Momencik, trwa przetwarzanie danych   loading-animation

#69900

przez (PW) ·
| Do ulubionych
Infolinia Banku X. Dla dociekliwych dodam, że infolinie tego typu są ogólnopolskie, nie znam (dziwnym trafem) topografii każdego miasta i potrafię korzystać z Google Street View. Po prostu nie muszę, to uprzejmość z mojej strony (tak tytułem wyjaśnienia, ponieważ GSV nie jest tutaj bohaterem).

14:53 Dryń, dryń.

[J]a: Dzień dobry, Anna Piekielna, w czym mogę pomóc?
[K]lient: No doskonale, że się dodzwoniłem, pani Anno!
(myślę sobie: uf, łatwo pójdzie)
[K]: Proszę pani, takie macie piękne reklamy, tak pięknie mówią, że kredyty, że konta...! A tu proszę pani jest totalny syf! K...a mać! Dobrze, że te rozmowy są nagrywane!
[J]: ...
[K]: Byłem dzisiaj w oddziale w Piekiełku Dolnym i tam wisi taki baner! Taki zasyfiony ten baner i jakiś debil go dodatkowo pomalował sprejem!
[J]: A próbował pan to zgłosić do pracowników tej placówki?
[K]: No nie! Co ja będę z nimi gadał! Do was dzwonię!
[J]: Proszę pana, dodzwonił się pan na ogólnopolską infolinię Banku X. Czy mógłby mi pan powiedzieć, w czym ja mogę pomóc?
[K]: Czy pani jest w ogóle poważna?! PANI MNIE PYTA, W CZYM MI MOŻE POMÓC?! (tutaj padło parę tekstów na temat mojego IQ i pracy, do jakiej się według pana nadaję)
[J]: Pozwoli pan, że streszczę. Widział pan baner w Piekiełku Dolnym, który ktoś pomalował sprejem i... czego pan ode mnie w tym momencie oczekuje?
[K]: Że pani przekaże wyżej to nagranie rozmowy i ktoś się tym zajmie!
[J]: Rozumiem, że chce pan złożyć reklamację na brudny baner? W tym celu przełączę pana do zespołu, który taką reklamację przyjmie.
[K]: No i proszę bardzo! Skoro pani tutaj jest tylko od przełączania, przełączaj!

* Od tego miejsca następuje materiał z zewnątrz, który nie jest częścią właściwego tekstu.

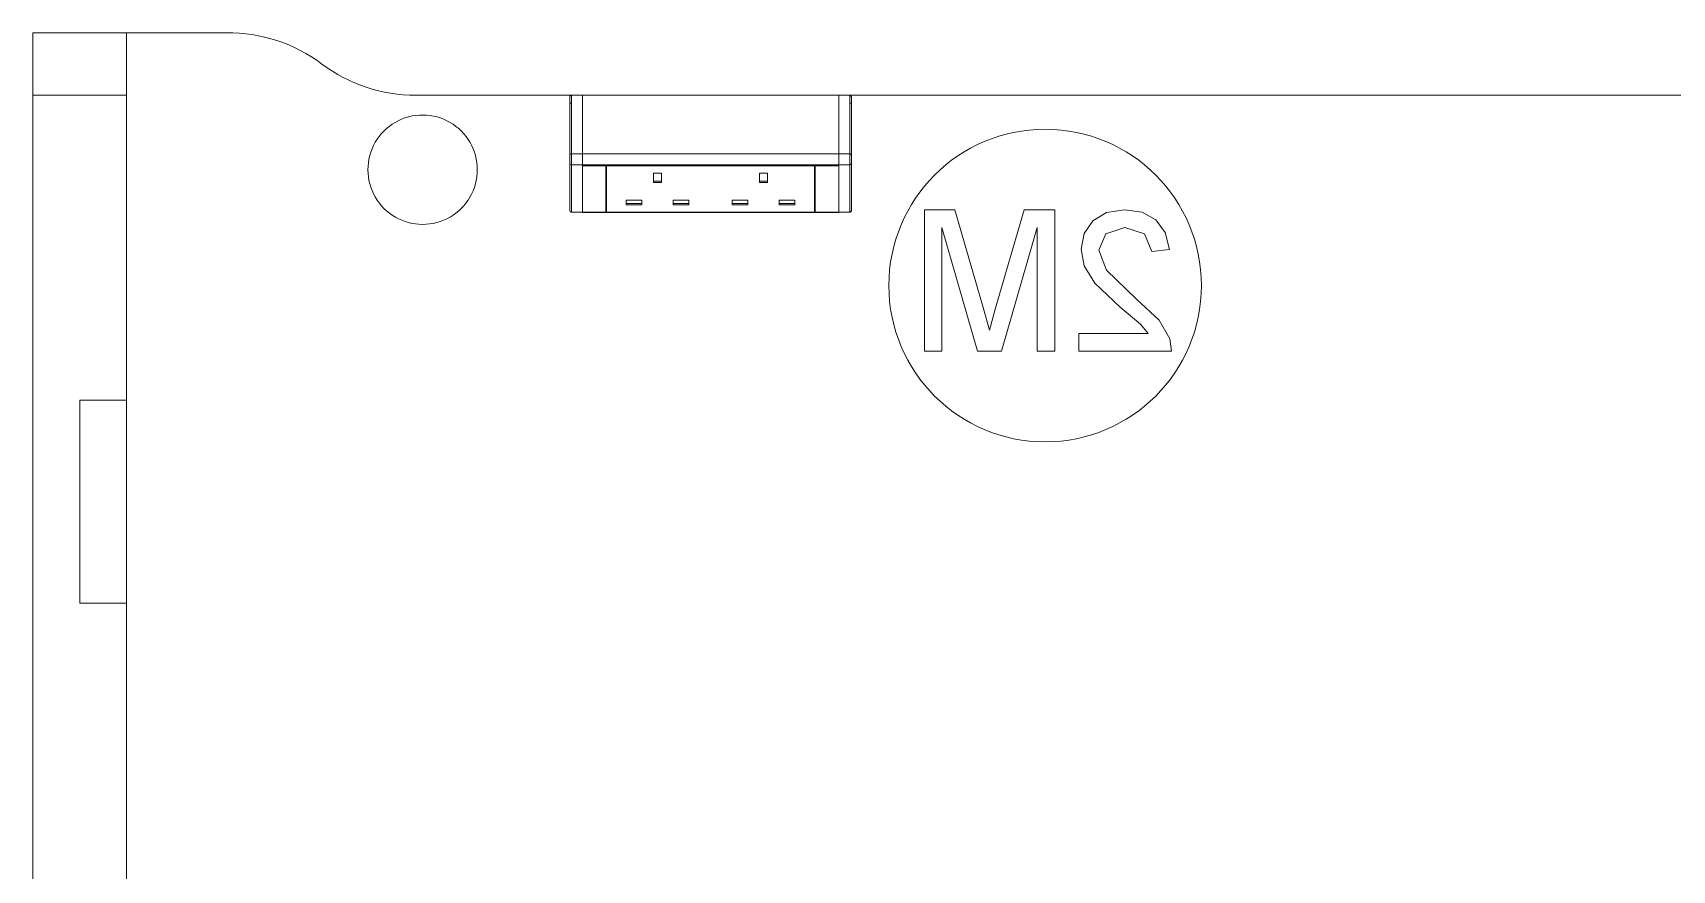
# Model space of a CAD drawing. Header units: millimetres. Extents: x 155927 to 295199, y -4084 to 97293.
# Drawn here: x 229114 to 230163, y 25548 to 26083 of the extents above; entities that cross this region are included whole.
import ezdxf

# ---------------------------------------------------------------- set-up
doc = ezdxf.new("R2010")
doc.units = ezdxf.units.MM
doc.header["$MEASUREMENT"] = 0
doc.layers.add('I-FURN', color=8, linetype='CONTINUOUS', lineweight=9)

msp = doc.modelspace()

# ---------------------------------------------------------------- linework, layer by layer
at = {"layer": 'I-FURN'}
for p, q in [((229114, 25283.4), (229114, 26083.4)), ((229114, 26083.4), (229114, 26043.4)), ((229114, 26083.4), (229174, 26083.4)), ((229114, 26083.4), (229174, 26083.4)), ((229114, 26083.4), (229114, 25283.4)), ((229237.9, 26083.4), (229114, 26083.4)), ((229114, 26083.4), (229237.9, 26083.4)), ((229114, 25283.4), (229114, 26083.4)), ((229174, 26043.4), (229174, 26083.4)), ((229174, 26083.4), (229174, 25848.4)), ((229114, 26043.4), (229114, 25323.4)), ((229114, 26043.4), (229174, 26043.4)), ((229114, 26043.4), (229174, 26043.4)), ((229174, 25323.4), (229174, 26043.4)), ((229458.6, 26043.4), (229359, 26043.4)), ((229359, 26043.4), (229458.6, 26043.4)), ((229457.6, 26038.4), (229457.6, 26042.4)), ((229457.6, 26042.4), (229457.6, 26005.4)), ((229457.6, 26038.4), (229458.6, 26038.4)), ((229457.6, 25999.8), (229457.6, 26038.4)), ((229465.6, 26043.4), (229458.6, 26043.4)), ((229458.6, 26005.9), (229458.6, 26043.4)), ((229458.6, 26043.4), (229465.6, 26043.4)), ((229465.6, 26005.9), (229465.6, 26043.4)), ((229629.6, 26043.4), (229465.7, 26043.4)), ((229465.7, 26043.4), (229629.6, 26043.4)), ((229465.7, 26043.4), (229465.7, 26005.9)), ((229629.6, 26005.9), (229629.6, 26043.4)), ((229636.7, 26043.4), (229629.7, 26043.4)), ((229636.7, 26043.4), (229629.7, 26043.4)), ((229629.7, 26043.4), (229629.7, 26005.9)), ((230469, 26043.4), (229636.7, 26043.4)), ((229636.7, 26043.4), (230469, 26043.4)), ((229636.7, 26043.4), (229636.7, 26005.9)), ((229636.7, 26038.4), (229637.7, 26038.4)), ((229637.7, 26042.4), (229637.7, 26042.4)), ((229637.7, 26005.4), (229637.7, 26042.4)), ((229637.7, 26042.4), (229637.7, 26038.4)), ((229637.7, 26038.4), (229637.7, 25999.8)), ((229457.6, 26005.4), (229457.6, 25999.8)), ((229458.6, 25999), (229458.6, 26005.9)), ((229458.6, 26005.9), (229465.6, 26005.9)), ((229465.6, 25999), (229465.6, 26005.9)), ((229465.7, 26005.9), (229629.6, 26005.9)), ((229465.7, 26005.9), (229465.7, 25999)), ((229629.6, 25999), (229629.6, 26005.9)), ((229636.7, 26005.9), (229629.7, 26005.9)), ((229629.7, 26005.9), (229629.7, 25999)), ((229636.7, 26005.9), (229636.7, 25999)), ((229637.7, 25999.8), (229637.7, 26005.4)), ((229457.6, 25999.8), (229457.6, 25969.6)), ((229457.6, 25999.8), (229457.6, 25969.6)), ((229458.6, 25968.7), (229458.6, 25999)), ((229458.6, 25999), (229465.6, 25999)), ((229465.6, 25968.7), (229465.6, 25999)), ((229465.6, 25998.2), (229480.6, 25998.2)), ((229465.6, 25968.4), (229465.6, 25998.2)), ((229465.7, 25999), (229629.6, 25999)), ((229465.7, 25998.4), (229465.7, 25999)), ((229480.6, 25998.4), (229465.7, 25998.4)), ((229480.6, 25998.2), (229480.6, 25968.4)), ((229614.1, 25998.4), (229481.1, 25998.4)), ((229481.1, 25998.2), (229614.1, 25998.2)), ((229481.1, 25968.4), (229481.1, 25998.2)), ((229516.2, 25993.5), (229511.2, 25993.5)), ((229511.2, 25993.5), (229511.2, 25987.7)), ((229516.2, 25987.7), (229516.2, 25993.5)), ((229579, 25987.7), (229579, 25993.5)), ((229579, 25993.5), (229584, 25993.5)), ((229584, 25987.7), (229584, 25993.5)), ((229614.1, 25968.4), (229614.1, 25998.2)), ((229629.6, 25998.4), (229614.6, 25998.4)), ((229614.6, 25998.2), (229629.6, 25998.2)), ((229614.6, 25968.4), (229614.6, 25998.2)), ((229629.6, 25998.2), (229629.6, 26000.6)), ((229629.6, 25999), (229629.6, 25998.4)), ((229629.6, 25998.2), (229629.6, 25968.4)), ((229636.7, 25999), (229629.7, 25999)), ((229629.7, 25999), (229629.7, 25968.7)), ((229636.7, 25999), (229636.7, 25968.7)), ((229637.7, 25969.6), (229637.7, 25999.8)), ((229637.7, 25969.6), (229637.7, 25999.8)), ((229511.2, 25988.5), (229516.2, 25988.5)), ((229511.2, 25987.7), (229516.2, 25987.7)), ((229579, 25988.5), (229584, 25988.5)), ((229579, 25987.7), (229584, 25987.7)), ((229493.7, 25973.4), (229493.7, 25976.3)), ((229493.7, 25976.3), (229503.7, 25976.3)), ((229493.7, 25974.1), (229503.7, 25974.1)), ((229493.7, 25973.4), (229503.7, 25973.4)), ((229503.7, 25973.4), (229503.7, 25976.3)), ((229523.7, 25973.4), (229523.7, 25976.3)), ((229523.7, 25976.3), (229533.7, 25976.3)), ((229523.7, 25974.1), (229533.7, 25974.1)), ((229523.7, 25973.4), (229533.7, 25973.4)), ((229533.7, 25973.4), (229533.7, 25976.3)), ((229561.5, 25973.4), (229561.5, 25976.3)), ((229561.5, 25976.3), (229571.5, 25976.3)), ((229561.5, 25974.1), (229571.5, 25974.1)), ((229561.5, 25973.4), (229571.5, 25973.4)), ((229571.5, 25973.4), (229571.5, 25976.3)), ((229591.5, 25973.4), (229591.5, 25976.3)), ((229591.5, 25976.3), (229601.5, 25976.3)), ((229591.5, 25974.1), (229601.5, 25974.1)), ((229591.5, 25973.4), (229601.5, 25973.4)), ((229601.5, 25973.4), (229601.5, 25976.3)), ((229457.8, 25968.9), (229457.8, 25968.9)), ((229458.6, 25968.6), (229458.6, 25968.7)), ((229458.6, 25968.7), (229465.6, 25968.7)), ((229458.6, 25968.6), (229465.6, 25968.6)), ((229458.6, 25968.6), (229465.6, 25968.6)), ((229465.6, 25968.6), (229458.6, 25968.6)), ((229465.6, 25968.6), (229465.6, 25968.7)), ((229480.6, 25968.4), (229465.6, 25968.4)), ((229465.7, 25968.6), (229629.6, 25968.6)), ((229481.1, 25968.7), (229480.6, 25968.7)), ((229614.1, 25968.4), (229481.1, 25968.4)), ((229614.6, 25968.7), (229614.1, 25968.7)), ((229629.6, 25968.4), (229614.6, 25968.4)), ((229636.7, 25968.7), (229629.7, 25968.7)), ((229629.7, 25968.7), (229629.7, 25968.6)), ((229629.7, 25968.6), (229636.7, 25968.6)), ((229629.7, 25968.6), (229636.7, 25968.6)), ((229629.7, 25968.6), (229636.7, 25968.6)), ((229636.7, 25968.7), (229636.7, 25968.6)), ((229637.5, 25968.9), (229637.4, 25968.9)), ((229703.9, 25970.2), (229684.4, 25970.2)), ((229684.4, 25970.2), (229684.4, 25879.8)), ((229722.1, 25907.6), (229703.9, 25970.2)), ((229748.3, 25970.2), (229729.8, 25906.5)), ((229767.8, 25970.2), (229748.3, 25970.2)), ((229767.8, 25879.8), (229767.8, 25970.2)), ((229792.2, 25963), (229786.6, 25954.9)), ((229801, 25968.4), (229792.2, 25963)), ((229812.4, 25970.2), (229801, 25968.4)), ((229823.8, 25968.6), (229812.4, 25970.2)), ((229832.6, 25963.7), (229823.8, 25968.6)), ((229838.5, 25955.7), (229832.6, 25963.7)), ((229695.7, 25879.8), (229695.7, 25958.9)), ((229695.7, 25958.9), (229718.4, 25879.8)), ((229733.8, 25879.8), (229756.5, 25958.9)), ((229756.5, 25958.9), (229756.5, 25879.8)), ((229786.6, 25954.9), (229784.7, 25945)), ((229796, 25944.4), (229800.6, 25954.7)), ((229800.6, 25954.7), (229812.6, 25958.9)), ((229812.6, 25958.9), (229825.2, 25954.8)), ((229825.2, 25954.8), (229829.9, 25943.4)), ((229841.2, 25944.8), (229838.5, 25955.7)), ((229784.7, 25945), (229786.7, 25934.3)), ((229800.9, 25931.6), (229796, 25944.4)), ((229829.9, 25943.4), (229841.2, 25944.8)), ((229786.7, 25934.3), (229793.4, 25923.2)), ((229820.4, 25912.7), (229800.9, 25931.6)), ((229793.4, 25923.2), (229809.6, 25907.8)), ((229834.6, 25899.6), (229820.4, 25912.7)), ((229726.1, 25893.2), (229722.1, 25907.6)), ((229729.8, 25906.5), (229726.1, 25893.2)), ((229809.6, 25907.8), (229822.6, 25896.9)), ((229841.4, 25887.6), (229834.6, 25899.6)), ((229783.3, 25891.1), (229783.3, 25879.8)), ((229827.7, 25891.1), (229783.3, 25891.1)), ((229822.6, 25896.9), (229827.7, 25891.1)), ((229842.6, 25879.8), (229841.4, 25887.6)), ((229684.4, 25879.8), (229695.7, 25879.8)), ((229718.4, 25879.8), (229733.8, 25879.8)), ((229756.5, 25879.8), (229767.8, 25879.8)), ((229783.3, 25879.8), (229842.6, 25879.8)), ((229144, 25718.4), (229144, 25848.4)), ((229144, 25848.4), (229174, 25848.4)), ((229144, 25848.4), (229174, 25848.4)), ((229144, 25848.4), (229144, 25718.4)), ((229174, 25848.4), (229174, 25718.4)), ((229144, 25718.4), (229174, 25718.4)), ((229174, 25718.4), (229144, 25718.4)), ((229174, 25718.4), (229174, 25283.4))]:
    msp.add_line(p, q, dxfattribs=at)
at = {"layer": 'I-FURN', "flags": 128}
for points in [[(229457.6, 26042.4), (229457.6, 26042.4), (229457.6, 26042.5), (229457.6, 26042.5), (229457.6, 26042.6), (229457.6, 26042.6), (229457.6, 26042.6), (229457.6, 26042.7), (229457.6, 26042.7), (229457.6, 26042.8), (229457.6, 26042.8), (229457.6, 26042.8), (229457.7, 26042.9), (229457.7, 26042.9), (229457.7, 26042.9), (229457.7, 26043), (229457.8, 26043), (229457.8, 26043), (229457.8, 26043.1), (229457.8, 26043.1), (229457.9, 26043.1), (229457.9, 26043.2), (229457.9, 26043.2), (229457.9, 26043.2), (229458, 26043.2), (229458, 26043.2), (229458, 26043.3), (229458.1, 26043.3), (229458.1, 26043.3), (229458.2, 26043.3), (229458.2, 26043.3), (229458.2, 26043.4), (229458.3, 26043.4), (229458.3, 26043.4), (229458.3, 26043.4), (229458.4, 26043.4), (229458.4, 26043.4), (229458.5, 26043.4), (229458.5, 26043.4), (229458.5, 26043.4), (229458.6, 26043.4)], [(229457.6, 26038.4), (229457.6, 26038.6), (229457.6, 26038.7), (229457.6, 26038.9), (229457.6, 26039), (229457.6, 26039.2), (229457.6, 26039.4), (229457.6, 26039.5), (229457.6, 26039.7), (229457.6, 26039.8), (229457.6, 26040), (229457.6, 26040.1), (229457.6, 26040.3), (229457.6, 26040.4), (229457.6, 26040.5), (229457.6, 26040.7), (229457.6, 26040.8), (229457.6, 26040.9), (229457.6, 26041), (229457.6, 26041.2), (229457.6, 26041.3), (229457.6, 26041.4), (229457.6, 26041.5), (229457.6, 26041.6), (229457.6, 26041.7), (229457.6, 26041.8), (229457.6, 26041.9), (229457.6, 26041.9), (229457.6, 26042), (229457.6, 26042.1), (229457.6, 26042.1), (229457.6, 26042.2), (229457.6, 26042.2), (229457.6, 26042.3), (229457.6, 26042.3), (229457.6, 26042.3), (229457.6, 26042.4), (229457.6, 26042.4), (229457.6, 26042.4), (229457.6, 26042.4)], [(229457.6, 26042.4), (229457.6, 26042.4), (229457.6, 26042.4)], [(229457.6, 26042.4), (229457.6, 26042.1), (229457.6, 26041.7), (229457.6, 26041.2), (229457.6, 26040.5), (229457.6, 26039.7), (229457.6, 26038.7), (229457.6, 26037.6), (229457.6, 26036.4), (229457.6, 26035.1), (229457.6, 26033.6), (229457.6, 26032), (229457.6, 26030.3), (229457.6, 26028.5), (229457.6, 26026.6), (229457.6, 26024.5), (229457.6, 26022.4), (229457.6, 26020.1), (229457.6, 26017.8), (229457.6, 26015.3), (229457.6, 26012.8), (229457.6, 26010.1), (229457.6, 26007.4), (229457.6, 26005.4)], [(229636.7, 26043.4), (229636.7, 26043.4), (229636.8, 26043.4), (229636.8, 26043.4), (229636.8, 26043.4), (229636.9, 26043.4), (229636.9, 26043.4), (229637, 26043.4), (229637, 26043.4), (229637, 26043.3), (229637.1, 26043.3), (229637.1, 26043.3), (229637.1, 26043.3), (229637.2, 26043.3), (229637.2, 26043.3), (229637.2, 26043.2), (229637.3, 26043.2), (229637.3, 26043.2), (229637.3, 26043.2), (229637.4, 26043.1), (229637.4, 26043.1), (229637.4, 26043.1), (229637.4, 26043), (229637.5, 26043), (229637.5, 26043), (229637.5, 26042.9), (229637.5, 26042.9), (229637.6, 26042.9), (229637.6, 26042.8), (229637.6, 26042.8), (229637.6, 26042.8), (229637.6, 26042.7), (229637.6, 26042.7), (229637.6, 26042.7), (229637.7, 26042.6), (229637.7, 26042.6), (229637.7, 26042.5), (229637.7, 26042.5), (229637.7, 26042.5), (229637.7, 26042.4), (229637.7, 26042.4)], [(229637.7, 26005.4), (229637.7, 26008.2), (229637.7, 26010.9), (229637.7, 26013.5), (229637.7, 26016), (229637.7, 26018.4), (229637.7, 26020.8), (229637.7, 26023), (229637.7, 26025.1), (229637.7, 26027.1), (229637.7, 26029), (229637.7, 26030.8), (229637.7, 26032.5), (229637.7, 26034), (229637.7, 26035.5), (229637.7, 26036.8), (229637.7, 26037.9), (229637.7, 26039), (229637.7, 26039.9), (229637.7, 26040.7), (229637.7, 26041.3), (229637.7, 26041.8), (229637.7, 26042.2), (229637.7, 26042.4)], [(229637.7, 26042.4), (229637.7, 26042.4), (229637.7, 26042.4), (229637.7, 26042.4), (229637.7, 26042.4), (229637.7, 26042.3), (229637.7, 26042.3), (229637.7, 26042.3), (229637.7, 26042.2), (229637.7, 26042.2), (229637.7, 26042.1), (229637.7, 26042), (229637.7, 26042), (229637.7, 26041.9), (229637.7, 26041.8), (229637.7, 26041.7), (229637.7, 26041.6), (229637.7, 26041.5), (229637.7, 26041.4), (229637.7, 26041.3), (229637.7, 26041.2), (229637.7, 26041.1), (229637.7, 26041), (229637.7, 26040.8), (229637.7, 26040.7), (229637.7, 26040.6), (229637.7, 26040.4), (229637.7, 26040.3), (229637.7, 26040.1), (229637.7, 26040), (229637.7, 26039.9), (229637.7, 26039.7), (229637.7, 26039.6), (229637.7, 26039.4), (229637.7, 26039.2), (229637.7, 26039.1), (229637.7, 26038.9), (229637.7, 26038.8), (229637.7, 26038.6), (229637.7, 26038.5), (229637.7, 26038.4)], [(229457.6, 26005.4), (229457.6, 26005.2), (229457.6, 26005.1), (229457.6, 26005), (229457.6, 26004.8), (229457.6, 26004.7), (229457.6, 26004.5), (229457.6, 26004.4), (229457.6, 26004.2), (229457.6, 26004.1), (229457.6, 26003.9), (229457.6, 26003.8), (229457.6, 26003.6), (229457.6, 26003.4), (229457.6, 26003.3), (229457.6, 26003.1), (229457.6, 26003), (229457.6, 26002.8), (229457.6, 26002.6), (229457.6, 26002.5), (229457.6, 26002.3), (229457.6, 26002.2), (229457.6, 26002), (229457.6, 26001.9), (229457.6, 26001.7), (229457.6, 26001.6), (229457.6, 26001.4), (229457.6, 26001.3), (229457.6, 26001.1), (229457.6, 26001), (229457.6, 26000.9), (229457.6, 26000.7), (229457.6, 26000.6), (229457.6, 26000.5), (229457.6, 26000.4), (229457.6, 26000.2), (229457.6, 26000.1), (229457.6, 26000), (229457.6, 25999.9), (229457.6, 25999.8)], [(229637.7, 25999.8), (229637.7, 25999.9), (229637.7, 26000), (229637.7, 26000.1), (229637.7, 26000.2), (229637.7, 26000.4), (229637.7, 26000.5), (229637.7, 26000.6), (229637.7, 26000.7), (229637.7, 26000.9), (229637.7, 26001), (229637.7, 26001.1), (229637.7, 26001.3), (229637.7, 26001.4), (229637.7, 26001.6), (229637.7, 26001.7), (229637.7, 26001.9), (229637.7, 26002), (229637.7, 26002.2), (229637.7, 26002.3), (229637.7, 26002.5), (229637.7, 26002.6), (229637.7, 26002.8), (229637.7, 26003), (229637.7, 26003.1), (229637.7, 26003.3), (229637.7, 26003.4), (229637.7, 26003.6), (229637.7, 26003.8), (229637.7, 26003.9), (229637.7, 26004.1), (229637.7, 26004.2), (229637.7, 26004.4), (229637.7, 26004.5), (229637.7, 26004.7), (229637.7, 26004.8), (229637.7, 26005), (229637.7, 26005.1), (229637.7, 26005.2), (229637.7, 26005.4)], [(229458.6, 25968.6), (229458.5, 25968.6), (229458.5, 25968.6), (229458.4, 25968.6), (229458.4, 25968.6), (229458.4, 25968.6), (229458.3, 25968.6), (229458.3, 25968.6), (229458.2, 25968.6), (229458.2, 25968.6), (229458.2, 25968.6), (229458.1, 25968.7), (229458.1, 25968.7), (229458.1, 25968.7)], [(229637.2, 25968.7), (229637.1, 25968.7), (229637.1, 25968.7), (229637.1, 25968.6), (229637, 25968.6), (229637, 25968.6), (229637, 25968.6), (229636.9, 25968.6), (229636.9, 25968.6), (229636.8, 25968.6), (229636.8, 25968.6), (229636.8, 25968.6), (229636.7, 25968.6), (229636.7, 25968.6), (229636.7, 25968.6)]]:
    msp.add_lwpolyline(points, dxfattribs=at)
at = {"layer": 'I-FURN'}
for centre, radius, start, end in [((229239, 25983.4), 100, 53.1301, 90.6256), ((229239, 25983.4), 100, 53.1301, 90.6256), ((229359, 26143.4), 100, 233.1301, 270), ((229359, 26143.4), 100, 233.1301, 270), ((229363.4, 25995.8), 35, 105, 165), ((229363.4, 25995.8), 35, 345, 104.7004), ((229761.7, 25921.7), 100, 0, 180), ((229363.4, 25995.8), 35, 165, 345), ((229761.7, 25921.7), 100, 180, 0)]:
    msp.add_arc(centre, radius, start, end, dxfattribs=at)
for centre, major_axis, ratio, start_param, end_param in [((229458.6, 26042.4), (1, 0), 0.998113, 1.570796, 3.141593), ((229636.7, 26042.4), (1, 0), 0.998113, 0, 1.570796), ((229458.6, 26005.4), (1, 0), 0.56467, 1.570796, 3.141593), ((229636.7, 26005.4), (1, 0), 0.56467, 0, 1.570796), ((229458.6, 25999.8), (1, 0), 0.819152, 3.141593, 4.712389), ((229636.7, 25999.8), (1, 0), 0.819152, 4.712389, 6.283185), ((229458.6, 25969.6), (-1, 0), 0.819152, 0, 1.570796), ((229636.7, 25969.6), (1, 0), 0.819152, 4.712389, 6.283185)]:
    msp.add_ellipse(centre, major_axis=major_axis, ratio=ratio, start_param=start_param, end_param=end_param, dxfattribs=at)

doc.saveas('drawing.dxf')

No cóż. Przełączyłam. Zastanawiam się tylko, jak bardzo poczucie estetyki tego pana ucierpiało, że chciało mu się czekać w kolejce dobre 15 minut i czy nie łatwiej było po prostu podejść do bankiera i zgłosić rażące naruszenie krajobrazu.

Uprzedzając komentarze, które na pewno się pojawią: tak, w interesie placówki jest, żeby utrzymać materiały marketingowe i samą placówkę w czystości.

Nie, nie wiem, czy pracownicy byli ślepi i nie zauważyli pomazanego banera, a może po prostu już zamówili nowy/ekipę, która się tym zajmie.

Skomentuj (12) Pobierz ten tekst w formie obrazka
Ocena: 116 (240)

Komentarze

Momencik, trwa ładowanie komentarzy   ładowanie…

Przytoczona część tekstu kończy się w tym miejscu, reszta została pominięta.